Would you retype the entries from the first line to the line bearing "#1=APPLICATION_CONTEXT('core data for", both included, leaving out every picture?

+++

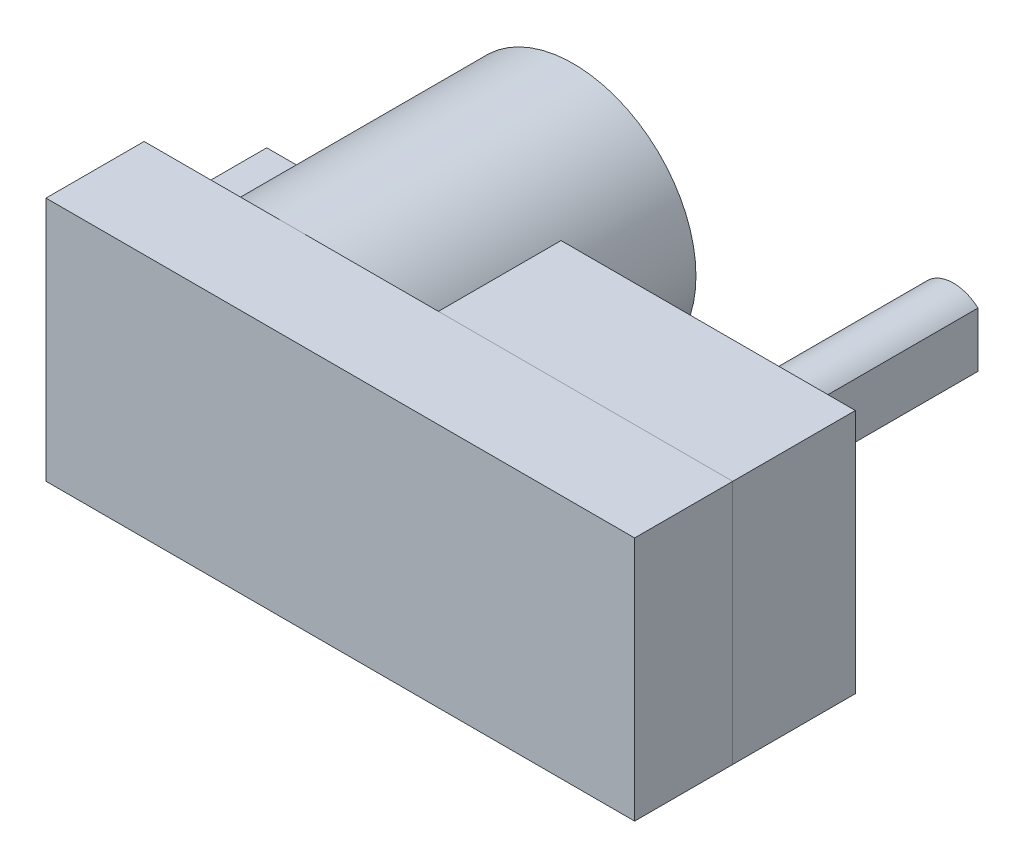
ISO-10303-21;
HEADER;
FILE_DESCRIPTION(('STEP AP214'),'2;1');
FILE_NAME('part.step','',(''),(''),'','','');
FILE_SCHEMA(('AUTOMOTIVE_DESIGN { 1 0 10303 214 1 1 1 1 }'));
ENDSEC;
DATA;
#1=APPLICATION_CONTEXT('core data for automotive mechanical design processes');
#2=APPLICATION_PROTOCOL_DEFINITION('international standard','automotive_design',2000,#1);
#3=PRODUCT_CONTEXT('',#1,'mechanical');
#4=PRODUCT('Part','Part','',(#3));
#5=PRODUCT_RELATED_PRODUCT_CATEGORY('part','',(#4));
#6=PRODUCT_DEFINITION_FORMATION('','',#4);
#7=PRODUCT_DEFINITION_CONTEXT('part definition',#1,'design');
#8=PRODUCT_DEFINITION('design','',#6,#7);
#9=PRODUCT_DEFINITION_SHAPE('','',#8);
#10=(LENGTH_UNIT() NAMED_UNIT(*) SI_UNIT(.MILLI.,.METRE.));
#11=(NAMED_UNIT(*) PLANE_ANGLE_UNIT() SI_UNIT($,.RADIAN.));
#12=(NAMED_UNIT(*) SI_UNIT($,.STERADIAN.) SOLID_ANGLE_UNIT());
#13=UNCERTAINTY_MEASURE_WITH_UNIT(LENGTH_MEASURE(1.E-05),#10,'distance_accuracy_value','');
#14=(GEOMETRIC_REPRESENTATION_CONTEXT(3) GLOBAL_UNCERTAINTY_ASSIGNED_CONTEXT((#13)) GLOBAL_UNIT_ASSIGNED_CONTEXT((#10,
#11,#12)) REPRESENTATION_CONTEXT('',''));
#15=CARTESIAN_POINT('',(0.,0.,0.));
#16=DIRECTION('',(0.,0.,1.));
#17=DIRECTION('',(1.,0.,0.));
#18=AXIS2_PLACEMENT_3D('',#15,#16,#17);
#19=CARTESIAN_POINT('',(0.,7.27643944298961,-9.));
#20=DIRECTION('',(0.,-1.,0.));
#21=DIRECTION('',(0.,0.,-1.));
#22=AXIS2_PLACEMENT_3D('',#19,#20,#21);
#23=PLANE('',#22);
#24=DIRECTION('',(1.,0.,0.));
#25=VECTOR('',#24,1.);
#26=CARTESIAN_POINT('',(0.,7.27643944298961,-4.));
#27=LINE('',#26,#25);
#28=CARTESIAN_POINT('',(0.,7.27643944298961,-4.));
#29=VERTEX_POINT('',#28);
#30=CARTESIAN_POINT('',(1.53555222378543,7.27643944298961,-4.));
#31=VERTEX_POINT('',#30);
#32=EDGE_CURVE('E115',#29,#31,#27,.T.);
#33=ORIENTED_EDGE('',*,*,#32,.T.);
#34=DIRECTION('',(0.,0.,1.));
#35=VECTOR('',#34,1.);
#36=CARTESIAN_POINT('',(1.53555222378543,7.27643944298961,-9.));
#37=LINE('',#36,#35);
#38=CARTESIAN_POINT('',(1.53555222378543,7.27643944298961,-9.));
#39=VERTEX_POINT('',#38);
#40=EDGE_CURVE('E12',#39,#31,#37,.T.);
#41=ORIENTED_EDGE('',*,*,#40,.F.);
#42=DIRECTION('',(1.,0.,0.));
#43=VECTOR('',#42,1.);
#44=CARTESIAN_POINT('',(0.,7.27643944298961,-9.));
#45=LINE('',#44,#43);
#46=CARTESIAN_POINT('',(0.,7.27643944298961,-9.));
#47=VERTEX_POINT('',#46);
#48=EDGE_CURVE('E92',#47,#39,#45,.T.);
#49=ORIENTED_EDGE('',*,*,#48,.F.);
#50=DIRECTION('',(0.,0.,1.));
#51=VECTOR('',#50,1.);
#52=CARTESIAN_POINT('',(0.,7.27643944298961,-9.));
#53=LINE('',#52,#51);
#54=EDGE_CURVE('E111',#47,#29,#53,.T.);
#55=ORIENTED_EDGE('',*,*,#54,.T.);
#56=EDGE_LOOP('',(#33,#41,#49,#55));
#57=FACE_BOUND('',#56,.T.);
#58=ADVANCED_FACE('F53',(#57),#23,.F.);
#59=CARTESIAN_POINT('',(1.53555222378543,2.15098793069046,-9.));
#60=DIRECTION('',(1.,0.,0.));
#61=DIRECTION('',(0.,0.,-1.));
#62=AXIS2_PLACEMENT_3D('',#59,#60,#61);
#63=PLANE('',#62);
#64=DIRECTION('',(0.,1.,0.));
#65=VECTOR('',#64,1.);
#66=CARTESIAN_POINT('',(1.53555222378543,2.15098793069046,-4.));
#67=LINE('',#66,#65);
#68=CARTESIAN_POINT('',(1.53555222378543,2.15098793069046,-4.));
#69=VERTEX_POINT('',#68);
#70=EDGE_CURVE('E101',#69,#31,#67,.T.);
#71=ORIENTED_EDGE('',*,*,#70,.F.);
#72=DIRECTION('',(0.,0.,1.));
#73=VECTOR('',#72,1.);
#74=CARTESIAN_POINT('',(1.53555222378543,2.15098793069046,-9.));
#75=LINE('',#74,#73);
#76=CARTESIAN_POINT('',(1.53555222378543,2.15098793069046,-9.));
#77=VERTEX_POINT('',#76);
#78=EDGE_CURVE('E61',#77,#69,#75,.T.);
#79=ORIENTED_EDGE('',*,*,#78,.F.);
#80=DIRECTION('',(0.,1.,0.));
#81=VECTOR('',#80,1.);
#82=CARTESIAN_POINT('',(1.53555222378543,2.15098793069046,-9.));
#83=LINE('',#82,#81);
#84=EDGE_CURVE('E99',#77,#39,#83,.T.);
#85=ORIENTED_EDGE('',*,*,#84,.T.);
#86=ORIENTED_EDGE('',*,*,#40,.T.);
#87=EDGE_LOOP('',(#71,#79,#85,#86));
#88=FACE_BOUND('',#87,.T.);
#89=ADVANCED_FACE('F98',(#88),#63,.T.);
#90=CARTESIAN_POINT('',(0.,2.15098793069046,-9.));
#91=DIRECTION('',(0.,-1.,0.));
#92=DIRECTION('',(0.,0.,-1.));
#93=AXIS2_PLACEMENT_3D('',#90,#91,#92);
#94=PLANE('',#93);
#95=DIRECTION('',(1.,0.,0.));
#96=VECTOR('',#95,1.);
#97=CARTESIAN_POINT('',(0.,2.15098793069046,-4.));
#98=LINE('',#97,#96);
#99=CARTESIAN_POINT('',(0.,2.15098793069046,-4.));
#100=VERTEX_POINT('',#99);
#101=EDGE_CURVE('E119',#100,#69,#98,.T.);
#102=ORIENTED_EDGE('',*,*,#101,.F.);
#103=DIRECTION('',(0.,0.,1.));
#104=VECTOR('',#103,1.);
#105=CARTESIAN_POINT('',(0.,2.15098793069046,-9.));
#106=LINE('',#105,#104);
#107=CARTESIAN_POINT('',(0.,2.15098793069046,-9.));
#108=VERTEX_POINT('',#107);
#109=EDGE_CURVE('E84',#108,#100,#106,.T.);
#110=ORIENTED_EDGE('',*,*,#109,.F.);
#111=DIRECTION('',(1.,0.,0.));
#112=VECTOR('',#111,1.);
#113=CARTESIAN_POINT('',(0.,2.15098793069046,-9.));
#114=LINE('',#113,#112);
#115=EDGE_CURVE('E107',#108,#77,#114,.T.);
#116=ORIENTED_EDGE('',*,*,#115,.T.);
#117=ORIENTED_EDGE('',*,*,#78,.T.);
#118=EDGE_LOOP('',(#102,#110,#116,#117));
#119=FACE_BOUND('',#118,.T.);
#120=ADVANCED_FACE('F109',(#119),#94,.T.);
#121=CARTESIAN_POINT('',(0.,2.15098793069046,-9.));
#122=DIRECTION('',(1.,0.,0.));
#123=DIRECTION('',(0.,0.,-1.));
#124=AXIS2_PLACEMENT_3D('',#121,#122,#123);
#125=PLANE('',#124);
#126=DIRECTION('',(0.,1.,0.));
#127=VECTOR('',#126,1.);
#128=CARTESIAN_POINT('',(0.,2.15098793069046,-4.));
#129=LINE('',#128,#127);
#130=EDGE_CURVE('E87',#100,#29,#129,.T.);
#131=ORIENTED_EDGE('',*,*,#130,.T.);
#132=ORIENTED_EDGE('',*,*,#54,.F.);
#133=DIRECTION('',(0.,1.,0.));
#134=VECTOR('',#133,1.);
#135=CARTESIAN_POINT('',(0.,2.15098793069046,-9.));
#136=LINE('',#135,#134);
#137=EDGE_CURVE('E69',#108,#47,#136,.T.);
#138=ORIENTED_EDGE('',*,*,#137,.F.);
#139=ORIENTED_EDGE('',*,*,#109,.T.);
#140=EDGE_LOOP('',(#131,#132,#138,#139));
#141=FACE_BOUND('',#140,.T.);
#142=ADVANCED_FACE('F132',(#141),#125,.F.);
#143=CARTESIAN_POINT('',(0.,0.,-9.));
#144=DIRECTION('',(0.,0.,1.));
#145=DIRECTION('',(1.,0.,0.));
#146=AXIS2_PLACEMENT_3D('',#143,#144,#145);
#147=PLANE('',#146);
#148=ORIENTED_EDGE('',*,*,#48,.T.);
#149=ORIENTED_EDGE('',*,*,#84,.F.);
#150=ORIENTED_EDGE('',*,*,#115,.F.);
#151=ORIENTED_EDGE('',*,*,#137,.T.);
#152=EDGE_LOOP('',(#148,#149,#150,#151));
#153=FACE_BOUND('',#152,.T.);
#154=ADVANCED_FACE('F106',(#153),#147,.F.);
#155=CARTESIAN_POINT('',(0.,0.,-4.));
#156=DIRECTION('',(0.,0.,1.));
#157=DIRECTION('',(1.,0.,0.));
#158=AXIS2_PLACEMENT_3D('',#155,#156,#157);
#159=PLANE('',#158);
#160=ORIENTED_EDGE('',*,*,#32,.F.);
#161=ORIENTED_EDGE('',*,*,#130,.F.);
#162=ORIENTED_EDGE('',*,*,#101,.T.);
#163=ORIENTED_EDGE('',*,*,#70,.T.);
#164=EDGE_LOOP('',(#160,#161,#162,#163));
#165=FACE_BOUND('',#164,.T.);
#166=ADVANCED_FACE('F126',(#165),#159,.T.);
#167=CLOSED_SHELL('',(#58,#89,#120,#142,#154,#166));
#168=MANIFOLD_SOLID_BREP('B2',#167);
#169=CARTESIAN_POINT('',(18.,5.,-19.));
#170=DIRECTION('',(0.,0.,1.));
#171=DIRECTION('',(1.,0.,0.));
#172=AXIS2_PLACEMENT_3D('',#169,#170,#171);
#173=CYLINDRICAL_SURFACE('',#172,1.5);
#174=CARTESIAN_POINT('',(18.,5.,-9.));
#175=DIRECTION('',(0.,0.,-1.));
#176=DIRECTION('',(-1.,0.,0.));
#177=AXIS2_PLACEMENT_3D('',#174,#175,#176);
#178=CIRCLE('',#177,1.5);
#179=CARTESIAN_POINT('',(16.5,5.,-9.));
#180=VERTEX_POINT('',#179);
#181=EDGE_CURVE('E189',#180,#180,#178,.T.);
#182=ORIENTED_EDGE('',*,*,#181,.T.);
#183=EDGE_LOOP('',(#182));
#184=FACE_BOUND('',#183,.T.);
#185=DIRECTION('',(0.,0.,1.));
#186=VECTOR('',#185,1.);
#187=CARTESIAN_POINT('',(19.,6.1180339887499,-83.0031054702616));
#188=LINE('',#187,#186);
#189=CARTESIAN_POINT('',(19.,6.1180339887499,-19.));
#190=VERTEX_POINT('',#189);
#191=CARTESIAN_POINT('',(19.,6.1180339887499,-10.));
#192=VERTEX_POINT('',#191);
#193=EDGE_CURVE('E216',#190,#192,#188,.T.);
#194=ORIENTED_EDGE('',*,*,#193,.F.);
#195=CARTESIAN_POINT('',(18.,5.,-19.));
#196=DIRECTION('',(0.,0.,-1.));
#197=DIRECTION('',(-1.,0.,0.));
#198=AXIS2_PLACEMENT_3D('',#195,#196,#197);
#199=CIRCLE('',#198,1.5);
#200=CARTESIAN_POINT('',(19.,3.88196601125011,-19.));
#201=VERTEX_POINT('',#200);
#202=EDGE_CURVE('E51',#201,#190,#199,.T.);
#203=ORIENTED_EDGE('',*,*,#202,.F.);
#204=DIRECTION('',(0.,0.,1.));
#205=VECTOR('',#204,1.);
#206=CARTESIAN_POINT('',(19.,3.88196601125011,-83.0031054702616));
#207=LINE('',#206,#205);
#208=CARTESIAN_POINT('',(19.,3.88196601125011,-10.));
#209=VERTEX_POINT('',#208);
#210=EDGE_CURVE('E200',#201,#209,#207,.T.);
#211=ORIENTED_EDGE('',*,*,#210,.T.);
#212=CARTESIAN_POINT('',(18.,5.,-10.));
#213=DIRECTION('',(0.,0.,-1.));
#214=DIRECTION('',(-1.,0.,0.));
#215=AXIS2_PLACEMENT_3D('',#212,#213,#214);
#216=CIRCLE('',#215,1.5);
#217=EDGE_CURVE('E215',#192,#209,#216,.T.);
#218=ORIENTED_EDGE('',*,*,#217,.F.);
#219=EDGE_LOOP('',(#194,#203,#211,#218));
#220=FACE_BOUND('',#219,.T.);
#221=ADVANCED_FACE('F186',(#184,#220),#173,.T.);
#222=CARTESIAN_POINT('',(0.,0.,-19.));
#223=DIRECTION('',(0.,0.,-1.));
#224=DIRECTION('',(-1.,0.,0.));
#225=AXIS2_PLACEMENT_3D('',#222,#223,#224);
#226=PLANE('',#225);
#227=ORIENTED_EDGE('',*,*,#202,.T.);
#228=DIRECTION('',(0.,1.,0.));
#229=VECTOR('',#228,1.);
#230=CARTESIAN_POINT('',(19.,3.88196601125011,-19.));
#231=LINE('',#230,#229);
#232=EDGE_CURVE('E204',#201,#190,#231,.T.);
#233=ORIENTED_EDGE('',*,*,#232,.F.);
#234=EDGE_LOOP('',(#227,#233));
#235=FACE_BOUND('',#234,.T.);
#236=ADVANCED_FACE('F231',(#235),#226,.T.);
#237=CARTESIAN_POINT('',(0.,0.,-9.));
#238=DIRECTION('',(0.,0.,-1.));
#239=DIRECTION('',(-1.,0.,0.));
#240=AXIS2_PLACEMENT_3D('',#237,#238,#239);
#241=PLANE('',#240);
#242=ORIENTED_EDGE('',*,*,#181,.F.);
#243=EDGE_LOOP('',(#242));
#244=FACE_BOUND('',#243,.T.);
#245=ADVANCED_FACE('F229',(#244),#241,.F.);
#246=CARTESIAN_POINT('',(19.,3.88196601125011,-83.0031054702616));
#247=DIRECTION('',(1.,0.,0.));
#248=DIRECTION('',(0.,0.,-1.));
#249=AXIS2_PLACEMENT_3D('',#246,#247,#248);
#250=PLANE('',#249);
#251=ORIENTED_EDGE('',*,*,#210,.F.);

+++

> **REPLY**
ISO-10303-21;
HEADER;
FILE_DESCRIPTION(('STEP AP214'),'2;1');
FILE_NAME('part.step','',(''),(''),'','','');
FILE_SCHEMA(('AUTOMOTIVE_DESIGN { 1 0 10303 214 1 1 1 1 }'));
ENDSEC;
DATA;
#1=APPLICATION_CONTEXT('core data for automotive mechanical design processes');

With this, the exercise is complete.